→ **YOUR TASK**
The entries that follow include a run beginning at the line with "#63=LINE('',#62,#61);" and ending at the line with "#69=DIRECTION('',(0.,0.,1.));"; restate that run word for word and leave the rest out.

Stored data:
§ §
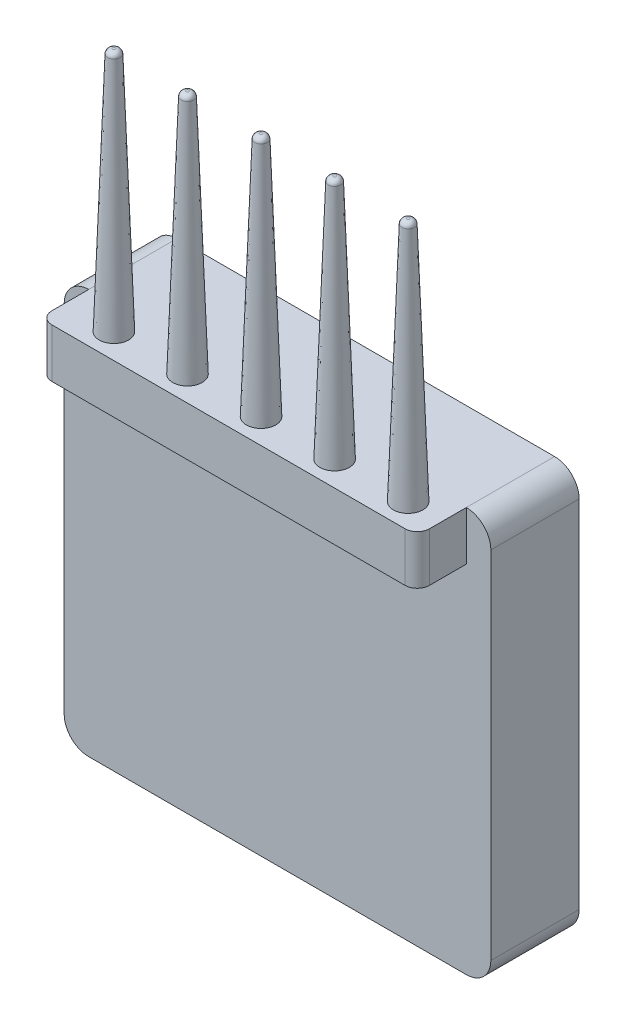
ISO-10303-21;
HEADER;
FILE_DESCRIPTION(('STEP AP214'),'2;1');
FILE_NAME('part.step','',(''),(''),'','','');
FILE_SCHEMA(('AUTOMOTIVE_DESIGN { 1 0 10303 214 1 1 1 1 }'));
ENDSEC;
DATA;
#1=APPLICATION_CONTEXT('core data for automotive mechanical design processes');
#2=APPLICATION_PROTOCOL_DEFINITION('international standard','automotive_design',2000,#1);
#3=PRODUCT_CONTEXT('',#1,'mechanical');
#4=PRODUCT('Part','Part','',(#3));
#5=PRODUCT_RELATED_PRODUCT_CATEGORY('part','',(#4));
#6=PRODUCT_DEFINITION_FORMATION('','',#4);
#7=PRODUCT_DEFINITION_CONTEXT('part definition',#1,'design');
#8=PRODUCT_DEFINITION('design','',#6,#7);
#9=PRODUCT_DEFINITION_SHAPE('','',#8);
#10=(LENGTH_UNIT() NAMED_UNIT(*) SI_UNIT(.MILLI.,.METRE.));
#11=(NAMED_UNIT(*) PLANE_ANGLE_UNIT() SI_UNIT($,.RADIAN.));
#12=(NAMED_UNIT(*) SI_UNIT($,.STERADIAN.) SOLID_ANGLE_UNIT());
#13=UNCERTAINTY_MEASURE_WITH_UNIT(LENGTH_MEASURE(1.E-05),#10,'distance_accuracy_value','');
#14=(GEOMETRIC_REPRESENTATION_CONTEXT(3) GLOBAL_UNCERTAINTY_ASSIGNED_CONTEXT((#13)) GLOBAL_UNIT_ASSIGNED_CONTEXT((#10,
#11,#12)) REPRESENTATION_CONTEXT('',''));
#15=CARTESIAN_POINT('',(0.,0.,0.));
#16=DIRECTION('',(0.,0.,1.));
#17=DIRECTION('',(1.,0.,0.));
#18=AXIS2_PLACEMENT_3D('',#15,#16,#17);
#19=CARTESIAN_POINT('',(-77.,-72.5,36.));
#20=DIRECTION('',(0.,0.,-1.));
#21=DIRECTION('',(-1.,0.,0.));
#22=AXIS2_PLACEMENT_3D('',#19,#20,#21);
#23=PLANE('',#22);
#24=DIRECTION('',(0.,-1.,0.));
#25=VECTOR('',#24,1.);
#26=CARTESIAN_POINT('',(-76.9999999999999,82.5,36.));
#27=LINE('',#26,#25);
#28=CARTESIAN_POINT('',(-76.9999999999999,82.5,36.));
#29=VERTEX_POINT('',#28);
#30=CARTESIAN_POINT('',(-76.9999999999999,62.5,36.));
#31=VERTEX_POINT('',#30);
#32=EDGE_CURVE('E154',#29,#31,#27,.T.);
#33=ORIENTED_EDGE('',*,*,#32,.F.);
#34=CARTESIAN_POINT('',(-77.,72.5,36.));
#35=DIRECTION('',(0.,0.,1.));
#36=DIRECTION('',(-1.,0.,0.));
#37=AXIS2_PLACEMENT_3D('',#34,#35,#36);
#38=CIRCLE('',#37,9.99999999999999);
#39=CARTESIAN_POINT('',(-87.,72.4999999999999,36.));
#40=VERTEX_POINT('',#39);
#41=EDGE_CURVE('E176',#29,#40,#38,.T.);
#42=ORIENTED_EDGE('',*,*,#41,.T.);
#43=DIRECTION('',(0.,-1.,0.));
#44=VECTOR('',#43,1.);
#45=CARTESIAN_POINT('',(-87.,-72.5,36.));
#46=LINE('',#45,#44);
#47=CARTESIAN_POINT('',(-87.,-72.5,36.));
#48=VERTEX_POINT('',#47);
#49=EDGE_CURVE('E178',#40,#48,#46,.T.);
#50=ORIENTED_EDGE('',*,*,#49,.T.);
#51=CARTESIAN_POINT('',(-77.,-72.5,36.));
#52=DIRECTION('',(0.,0.,1.));
#53=DIRECTION('',(-1.,0.,0.));
#54=AXIS2_PLACEMENT_3D('',#51,#52,#53);
#55=CIRCLE('',#54,9.99999999999999);
#56=CARTESIAN_POINT('',(-76.9999999999999,-82.5,36.));
#57=VERTEX_POINT('',#56);
#58=EDGE_CURVE('E165',#48,#57,#55,.T.);
#59=ORIENTED_EDGE('',*,*,#58,.T.);
#60=DIRECTION('',(1.,0.,0.));
#61=VECTOR('',#60,1.);
#62=CARTESIAN_POINT('',(-76.9999999999999,-82.5,36.));
#63=LINE('',#62,#61);
#64=CARTESIAN_POINT('',(76.9999999999999,-82.5,36.));
#65=VERTEX_POINT('',#64);
#66=EDGE_CURVE('E168',#57,#65,#63,.T.);
#67=ORIENTED_EDGE('',*,*,#66,.T.);
#68=CARTESIAN_POINT('',(77.,-72.5,36.));
#69=DIRECTION('',(0.,0.,1.));
#70=DIRECTION('',(1.,0.,0.));
#71=AXIS2_PLACEMENT_3D('',#68,#69,#70);
#72=CIRCLE('',#71,9.99999999999999);
#73=CARTESIAN_POINT('',(87.,-72.5,36.));
#74=VERTEX_POINT('',#73);
#75=EDGE_CURVE('E171',#65,#74,#72,.T.);
#76=ORIENTED_EDGE('',*,*,#75,.T.);
#77=DIRECTION('',(0.,1.,0.));
#78=VECTOR('',#77,1.);
#79=CARTESIAN_POINT('',(87.,-72.5,36.));
#80=LINE('',#79,#78);
#81=CARTESIAN_POINT('',(87.,72.4999999999999,36.));
#82=VERTEX_POINT('',#81);
#83=EDGE_CURVE('E173',#74,#82,#80,.T.);
#84=ORIENTED_EDGE('',*,*,#83,.T.);
#85=CARTESIAN_POINT('',(77.,72.5,36.));
#86=DIRECTION('',(0.,0.,1.));
#87=DIRECTION('',(-1.,0.,0.));
#88=AXIS2_PLACEMENT_3D('',#85,#86,#87);
#89=CIRCLE('',#88,9.99999999999999);
#90=CARTESIAN_POINT('',(76.9999999999999,82.5,36.));
#91=VERTEX_POINT('',#90);
#92=EDGE_CURVE('E148',#82,#91,#89,.T.);
#93=ORIENTED_EDGE('',*,*,#92,.T.);
#94=DIRECTION('',(0.,1.,0.));
#95=VECTOR('',#94,1.);
#96=CARTESIAN_POINT('',(76.9999999999999,82.5,36.));
#97=LINE('',#96,#95);
#98=CARTESIAN_POINT('',(76.9999999999999,62.5,36.));
#99=VERTEX_POINT('',#98);
#100=EDGE_CURVE('E133',#99,#91,#97,.T.);
#101=ORIENTED_EDGE('',*,*,#100,.F.);
#102=DIRECTION('',(1.,0.,0.));
#103=VECTOR('',#102,1.);
#104=CARTESIAN_POINT('',(-76.9999999999999,62.5,36.));
#105=LINE('',#104,#103);
#106=EDGE_CURVE('E145',#31,#99,#105,.T.);
#107=ORIENTED_EDGE('',*,*,#106,.F.);
#108=EDGE_LOOP('',(#33,#42,#50,#59,#67,#76,#84,#93,#101,#107));
#109=FACE_BOUND('',#108,.T.);
#110=ADVANCED_FACE('F35',(#109),#23,.F.);
#111=CARTESIAN_POINT('',(-77.,-72.5,36.));
#112=DIRECTION('',(0.,0.,-1.));
#113=DIRECTION('',(-1.,0.,0.));
#114=AXIS2_PLACEMENT_3D('',#111,#112,#113);
#115=CYLINDRICAL_SURFACE('',#114,9.99999999999999);
#116=CARTESIAN_POINT('',(-77.,-72.5,0.));
#117=DIRECTION('',(0.,0.,1.));
#118=DIRECTION('',(-1.,0.,0.));
#119=AXIS2_PLACEMENT_3D('',#116,#117,#118);
#120=CIRCLE('',#119,9.99999999999999);
#121=CARTESIAN_POINT('',(-87.,-72.5,0.));
#122=VERTEX_POINT('',#121);
#123=CARTESIAN_POINT('',(-76.9999999999999,-82.5,0.));
#124=VERTEX_POINT('',#123);
#125=EDGE_CURVE('E164',#122,#124,#120,.T.);
#126=ORIENTED_EDGE('',*,*,#125,.T.);
#127=DIRECTION('',(0.,0.,-1.));
#128=VECTOR('',#127,1.);
#129=CARTESIAN_POINT('',(-76.9999999999999,-82.5,36.));
#130=LINE('',#129,#128);
#131=EDGE_CURVE('E216',#57,#124,#130,.T.);
#132=ORIENTED_EDGE('',*,*,#131,.F.);
#133=ORIENTED_EDGE('',*,*,#58,.F.);
#134=DIRECTION('',(0.,0.,-1.));
#135=VECTOR('',#134,1.);
#136=CARTESIAN_POINT('',(-87.,-72.5,36.));
#137=LINE('',#136,#135);
#138=EDGE_CURVE('E180',#48,#122,#137,.T.);
#139=ORIENTED_EDGE('',*,*,#138,.T.);
#140=EDGE_LOOP('',(#126,#132,#133,#139));
#141=FACE_BOUND('',#140,.T.);
#142=ADVANCED_FACE('F302',(#141),#115,.T.);
#143=CARTESIAN_POINT('',(-76.9999999999999,-82.5,36.));
#144=DIRECTION('',(0.,1.,0.));
#145=DIRECTION('',(0.,0.,1.));
#146=AXIS2_PLACEMENT_3D('',#143,#144,#145);
#147=PLANE('',#146);
#148=DIRECTION('',(1.,0.,0.));
#149=VECTOR('',#148,1.);
#150=CARTESIAN_POINT('',(-76.9999999999999,-82.5,0.));
#151=LINE('',#150,#149);
#152=CARTESIAN_POINT('',(76.9999999999999,-82.5,0.));
#153=VERTEX_POINT('',#152);
#154=EDGE_CURVE('E183',#124,#153,#151,.T.);
#155=ORIENTED_EDGE('',*,*,#154,.T.);
#156=DIRECTION('',(0.,0.,-1.));
#157=VECTOR('',#156,1.);
#158=CARTESIAN_POINT('',(76.9999999999999,-82.5,36.));
#159=LINE('',#158,#157);
#160=EDGE_CURVE('E213',#65,#153,#159,.T.);
#161=ORIENTED_EDGE('',*,*,#160,.F.);
#162=ORIENTED_EDGE('',*,*,#66,.F.);
#163=ORIENTED_EDGE('',*,*,#131,.T.);
#164=EDGE_LOOP('',(#155,#161,#162,#163));
#165=FACE_BOUND('',#164,.T.);
#166=ADVANCED_FACE('F305',(#165),#147,.F.);
#167=CARTESIAN_POINT('',(77.,-72.5,36.));
#168=DIRECTION('',(0.,0.,-1.));
#169=DIRECTION('',(-1.,0.,0.));
#170=AXIS2_PLACEMENT_3D('',#167,#168,#169);
#171=CYLINDRICAL_SURFACE('',#170,9.99999999999999);
#172=CARTESIAN_POINT('',(77.,-72.5,0.));
#173=DIRECTION('',(0.,0.,1.));
#174=DIRECTION('',(1.,0.,0.));
#175=AXIS2_PLACEMENT_3D('',#172,#173,#174);
#176=CIRCLE('',#175,9.99999999999999);
#177=CARTESIAN_POINT('',(87.,-72.5,0.));
#178=VERTEX_POINT('',#177);
#179=EDGE_CURVE('E185',#153,#178,#176,.T.);
#180=ORIENTED_EDGE('',*,*,#179,.T.);
#181=DIRECTION('',(0.,0.,-1.));
#182=VECTOR('',#181,1.);
#183=CARTESIAN_POINT('',(87.,-72.5,36.));
#184=LINE('',#183,#182);
#185=EDGE_CURVE('E210',#74,#178,#184,.T.);
#186=ORIENTED_EDGE('',*,*,#185,.F.);
#187=ORIENTED_EDGE('',*,*,#75,.F.);
#188=ORIENTED_EDGE('',*,*,#160,.T.);
#189=EDGE_LOOP('',(#180,#186,#187,#188));
#190=FACE_BOUND('',#189,.T.);
#191=ADVANCED_FACE('F310',(#190),#171,.T.);
#192=CARTESIAN_POINT('',(87.,-72.5,36.));
#193=DIRECTION('',(-1.,0.,0.));
#194=DIRECTION('',(0.,0.,1.));
#195=AXIS2_PLACEMENT_3D('',#192,#193,#194);
#196=PLANE('',#195);
#197=DIRECTION('',(0.,1.,0.));
#198=VECTOR('',#197,1.);
#199=CARTESIAN_POINT('',(87.,-72.5,0.));
#200=LINE('',#199,#198);
#201=CARTESIAN_POINT('',(87.,72.4999999999999,0.));
#202=VERTEX_POINT('',#201);
#203=EDGE_CURVE('E187',#178,#202,#200,.T.);
#204=ORIENTED_EDGE('',*,*,#203,.T.);
#205=DIRECTION('',(0.,0.,-1.));
#206=VECTOR('',#205,1.);
#207=CARTESIAN_POINT('',(87.,72.4999999999999,36.));
#208=LINE('',#207,#206);
#209=EDGE_CURVE('E207',#82,#202,#208,.T.);
#210=ORIENTED_EDGE('',*,*,#209,.F.);
#211=ORIENTED_EDGE('',*,*,#83,.F.);
#212=ORIENTED_EDGE('',*,*,#185,.T.);
#213=EDGE_LOOP('',(#204,#210,#211,#212));
#214=FACE_BOUND('',#213,.T.);
#215=ADVANCED_FACE('F314',(#214),#196,.F.);
#216=CARTESIAN_POINT('',(77.,72.5,36.));
#217=DIRECTION('',(0.,0.,-1.));
#218=DIRECTION('',(-1.,0.,0.));
#219=AXIS2_PLACEMENT_3D('',#216,#217,#218);
#220=CYLINDRICAL_SURFACE('',#219,9.99999999999999);
#221=CARTESIAN_POINT('',(77.,72.5,0.));
#222=DIRECTION('',(0.,0.,1.));
#223=DIRECTION('',(-1.,0.,0.));
#224=AXIS2_PLACEMENT_3D('',#221,#222,#223);
#225=CIRCLE('',#224,9.99999999999999);
#226=CARTESIAN_POINT('',(76.9999999999999,82.5,0.));
#227=VERTEX_POINT('',#226);
#228=EDGE_CURVE('E189',#202,#227,#225,.T.);
#229=ORIENTED_EDGE('',*,*,#228,.T.);
#230=DIRECTION('',(0.,0.,-1.));
#231=VECTOR('',#230,1.);
#232=CARTESIAN_POINT('',(76.9999999999999,82.5,36.));
#233=LINE('',#232,#231);
#234=EDGE_CURVE('E204',#91,#227,#233,.T.);
#235=ORIENTED_EDGE('',*,*,#234,.F.);
#236=ORIENTED_EDGE('',*,*,#92,.F.);
#237=ORIENTED_EDGE('',*,*,#209,.T.);
#238=EDGE_LOOP('',(#229,#235,#236,#237));
#239=FACE_BOUND('',#238,.T.);
#240=ADVANCED_FACE('F318',(#239),#220,.T.);
#241=CARTESIAN_POINT('',(-76.9999999999999,82.5,36.));
#242=DIRECTION('',(0.,-1.,0.));
#243=DIRECTION('',(0.,0.,-1.));
#244=AXIS2_PLACEMENT_3D('',#241,#242,#243);
#245=PLANE('',#244);
#246=CARTESIAN_POINT('',(63.0000000000001,82.5,45.7165139862272));
#247=DIRECTION('',(0.,-1.,0.));
#248=DIRECTION('',(0.,0.,-1.));
#249=AXIS2_PLACEMENT_3D('',#246,#247,#248);
#250=CIRCLE('',#249,6.);
#251=CARTESIAN_POINT('',(63.0000000000001,82.5,39.7165139862272));
#252=VERTEX_POINT('',#251);
#253=EDGE_CURVE('E231',#252,#252,#250,.F.);
#254=ORIENTED_EDGE('',*,*,#253,.F.);
#255=EDGE_LOOP('',(#254));
#256=FACE_BOUND('',#255,.T.);
#257=CARTESIAN_POINT('',(33.0000000000001,82.5,45.7165139862272));
#258=DIRECTION('',(0.,-1.,0.));
#259=DIRECTION('',(0.,0.,-1.));
#260=AXIS2_PLACEMENT_3D('',#257,#258,#259);
#261=CIRCLE('',#260,6.00000000000001);
#262=CARTESIAN_POINT('',(33.0000000000001,82.5,39.7165139862272));
#263=VERTEX_POINT('',#262);
#264=EDGE_CURVE('E228',#263,#263,#261,.F.);
#265=ORIENTED_EDGE('',*,*,#264,.F.);
#266=EDGE_LOOP('',(#265));
#267=FACE_BOUND('',#266,.T.);
#268=CARTESIAN_POINT('',(3.00000000000007,82.5,45.7165139862272));
#269=DIRECTION('',(0.,-1.,0.));
#270=DIRECTION('',(0.,0.,-1.));
#271=AXIS2_PLACEMENT_3D('',#268,#269,#270);
#272=CIRCLE('',#271,6.);
#273=CARTESIAN_POINT('',(3.00000000000007,82.5,39.7165139862272));
#274=VERTEX_POINT('',#273);
#275=EDGE_CURVE('E225',#274,#274,#272,.F.);
#276=ORIENTED_EDGE('',*,*,#275,.F.);
#277=EDGE_LOOP('',(#276));
#278=FACE_BOUND('',#277,.T.);
#279=CARTESIAN_POINT('',(-26.9999999999999,82.5,45.7165139862272));
#280=DIRECTION('',(0.,-1.,0.));
#281=DIRECTION('',(0.,0.,-1.));
#282=AXIS2_PLACEMENT_3D('',#279,#280,#281);
#283=CIRCLE('',#282,6.);
#284=CARTESIAN_POINT('',(-26.9999999999999,82.5,39.7165139862272));
#285=VERTEX_POINT('',#284);
#286=EDGE_CURVE('E222',#285,#285,#283,.F.);
#287=ORIENTED_EDGE('',*,*,#286,.F.);
#288=EDGE_LOOP('',(#287));
#289=FACE_BOUND('',#288,.T.);
#290=CARTESIAN_POINT('',(-56.9999999999999,82.5,45.7165139862272));
#291=DIRECTION('',(0.,-1.,0.));
#292=DIRECTION('',(0.,0.,-1.));
#293=AXIS2_PLACEMENT_3D('',#290,#291,#292);
#294=CIRCLE('',#293,6.00000000000001);
#295=CARTESIAN_POINT('',(-56.9999999999999,82.5,39.7165139862272));
#296=VERTEX_POINT('',#295);
#297=EDGE_CURVE('E219',#296,#296,#294,.F.);
#298=ORIENTED_EDGE('',*,*,#297,.F.);
#299=EDGE_LOOP('',(#298));
#300=FACE_BOUND('',#299,.T.);
#301=DIRECTION('',(0.,0.,-1.));
#302=VECTOR('',#301,1.);
#303=CARTESIAN_POINT('',(-76.9999999999999,82.5,56.));
#304=LINE('',#303,#302);
#305=CARTESIAN_POINT('',(-76.9999999999999,82.5,51.));
#306=VERTEX_POINT('',#305);
#307=EDGE_CURVE('E159',#306,#29,#304,.T.);
#308=ORIENTED_EDGE('',*,*,#307,.F.);
#309=CARTESIAN_POINT('',(-71.9999999999999,82.5,51.));
#310=DIRECTION('',(0.,-1.,0.));
#311=DIRECTION('',(0.,0.,-1.));
#312=AXIS2_PLACEMENT_3D('',#309,#310,#311);
#313=CIRCLE('',#312,5.);
#314=CARTESIAN_POINT('',(-71.9999999999999,82.5,56.));
#315=VERTEX_POINT('',#314);
#316=EDGE_CURVE('E43',#306,#315,#313,.F.);
#317=ORIENTED_EDGE('',*,*,#316,.T.);
#318=DIRECTION('',(-1.,0.,0.));
#319=VECTOR('',#318,1.);
#320=CARTESIAN_POINT('',(-76.9999999999999,82.5,56.));
#321=LINE('',#320,#319);
#322=CARTESIAN_POINT('',(71.9999999999999,82.5,56.));
#323=VERTEX_POINT('',#322);
#324=EDGE_CURVE('E161',#323,#315,#321,.T.);
#325=ORIENTED_EDGE('',*,*,#324,.F.);
#326=CARTESIAN_POINT('',(71.9999999999999,82.5,51.));
#327=DIRECTION('',(0.,-1.,0.));
#328=DIRECTION('',(0.,0.,-1.));
#329=AXIS2_PLACEMENT_3D('',#326,#327,#328);
#330=CIRCLE('',#329,5.);
#331=CARTESIAN_POINT('',(76.9999999999999,82.5,51.));
#332=VERTEX_POINT('',#331);
#333=EDGE_CURVE('E50',#323,#332,#330,.F.);
#334=ORIENTED_EDGE('',*,*,#333,.T.);
#335=DIRECTION('',(0.,0.,-1.));
#336=VECTOR('',#335,1.);
#337=CARTESIAN_POINT('',(76.9999999999999,82.5,56.));
#338=LINE('',#337,#336);
#339=EDGE_CURVE('E139',#332,#91,#338,.T.);
#340=ORIENTED_EDGE('',*,*,#339,.T.);
#341=ORIENTED_EDGE('',*,*,#234,.T.);
#342=DIRECTION('',(-1.,0.,0.));
#343=VECTOR('',#342,1.);
#344=CARTESIAN_POINT('',(-76.9999999999999,82.5,0.));
#345=LINE('',#344,#343);
#346=CARTESIAN_POINT('',(-76.9999999999999,82.5,0.));
#347=VERTEX_POINT('',#346);
#348=EDGE_CURVE('E191',#227,#347,#345,.T.);
#349=ORIENTED_EDGE('',*,*,#348,.T.);
#350=DIRECTION('',(0.,0.,-1.));
#351=VECTOR('',#350,1.);
#352=CARTESIAN_POINT('',(-76.9999999999999,82.5,36.));
#353=LINE('',#352,#351);
#354=EDGE_CURVE('E201',#29,#347,#353,.T.);
#355=ORIENTED_EDGE('',*,*,#354,.F.);
#356=EDGE_LOOP('',(#308,#317,#325,#334,#340,#341,#349,#355));
#357=FACE_BOUND('',#356,.T.);
#358=ADVANCED_FACE('F277',(#256,#267,#278,#289,#300,#357),#245,.F.);
#359=CARTESIAN_POINT('',(-77.,72.5,36.));
#360=DIRECTION('',(0.,0.,-1.));
#361=DIRECTION('',(-1.,0.,0.));
#362=AXIS2_PLACEMENT_3D('',#359,#360,#361);
#363=CYLINDRICAL_SURFACE('',#362,9.99999999999999);
#364=CARTESIAN_POINT('',(-77.,72.5,0.));
#365=DIRECTION('',(0.,0.,1.));
#366=DIRECTION('',(-1.,0.,0.));
#367=AXIS2_PLACEMENT_3D('',#364,#365,#366);
#368=CIRCLE('',#367,9.99999999999999);
#369=CARTESIAN_POINT('',(-87.,72.4999999999999,0.));
#370=VERTEX_POINT('',#369);
#371=EDGE_CURVE('E193',#347,#370,#368,.T.);
#372=ORIENTED_EDGE('',*,*,#371,.T.);
#373=DIRECTION('',(0.,0.,-1.));
#374=VECTOR('',#373,1.);
#375=CARTESIAN_POINT('',(-87.,72.4999999999999,36.));
#376=LINE('',#375,#374);
#377=EDGE_CURVE('E198',#40,#370,#376,.T.);
#378=ORIENTED_EDGE('',*,*,#377,.F.);
#379=ORIENTED_EDGE('',*,*,#41,.F.);
#380=ORIENTED_EDGE('',*,*,#354,.T.);
#381=EDGE_LOOP('',(#372,#378,#379,#380));
#382=FACE_BOUND('',#381,.T.);
#383=ADVANCED_FACE('F292',(#382),#363,.T.);
#384=CARTESIAN_POINT('',(-87.,-72.5,36.));
#385=DIRECTION('',(1.,0.,0.));
#386=DIRECTION('',(0.,0.,-1.));
#387=AXIS2_PLACEMENT_3D('',#384,#385,#386);
#388=PLANE('',#387);
#389=DIRECTION('',(0.,-1.,0.));
#390=VECTOR('',#389,1.);
#391=CARTESIAN_POINT('',(-87.,-72.5,0.));
#392=LINE('',#391,#390);
#393=EDGE_CURVE('E169',#370,#122,#392,.T.);
#394=ORIENTED_EDGE('',*,*,#393,.T.);
#395=ORIENTED_EDGE('',*,*,#138,.F.);
#396=ORIENTED_EDGE('',*,*,#49,.F.);
#397=ORIENTED_EDGE('',*,*,#377,.T.);
#398=EDGE_LOOP('',(#394,#395,#396,#397));
#399=FACE_BOUND('',#398,.T.);
#400=ADVANCED_FACE('F297',(#399),#388,.F.);
#401=CARTESIAN_POINT('',(-77.,-72.5,0.));
#402=DIRECTION('',(0.,0.,-1.));
#403=DIRECTION('',(-1.,0.,0.));
#404=AXIS2_PLACEMENT_3D('',#401,#402,#403);
#405=PLANE('',#404);
#406=ORIENTED_EDGE('',*,*,#125,.F.);
#407=ORIENTED_EDGE('',*,*,#393,.F.);
#408=ORIENTED_EDGE('',*,*,#371,.F.);
#409=ORIENTED_EDGE('',*,*,#348,.F.);
#410=ORIENTED_EDGE('',*,*,#228,.F.);
#411=ORIENTED_EDGE('',*,*,#203,.F.);
#412=ORIENTED_EDGE('',*,*,#179,.F.);
#413=ORIENTED_EDGE('',*,*,#154,.F.);
#414=EDGE_LOOP('',(#406,#407,#408,#409,#410,#411,#412,#413));
#415=FACE_BOUND('',#414,.T.);
#416=ADVANCED_FACE('F320',(#415),#405,.T.);
#417=CARTESIAN_POINT('',(-76.9999999999999,82.5,56.));
#418=DIRECTION('',(1.,0.,0.));
#419=DIRECTION('',(0.,0.,-1.));
#420=AXIS2_PLACEMENT_3D('',#417,#418,#419);
#421=PLANE('',#420);
#422=DIRECTION('',(0.,0.,-1.));
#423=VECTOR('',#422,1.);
§ §
→ **TASK RESULT**
#63=LINE('',#62,#61);
#64=CARTESIAN_POINT('',(76.9999999999999,-82.5,36.));
#65=VERTEX_POINT('',#64);
#66=EDGE_CURVE('E168',#57,#65,#63,.T.);
#67=ORIENTED_EDGE('',*,*,#66,.T.);
#68=CARTESIAN_POINT('',(77.,-72.5,36.));
#69=DIRECTION('',(0.,0.,1.));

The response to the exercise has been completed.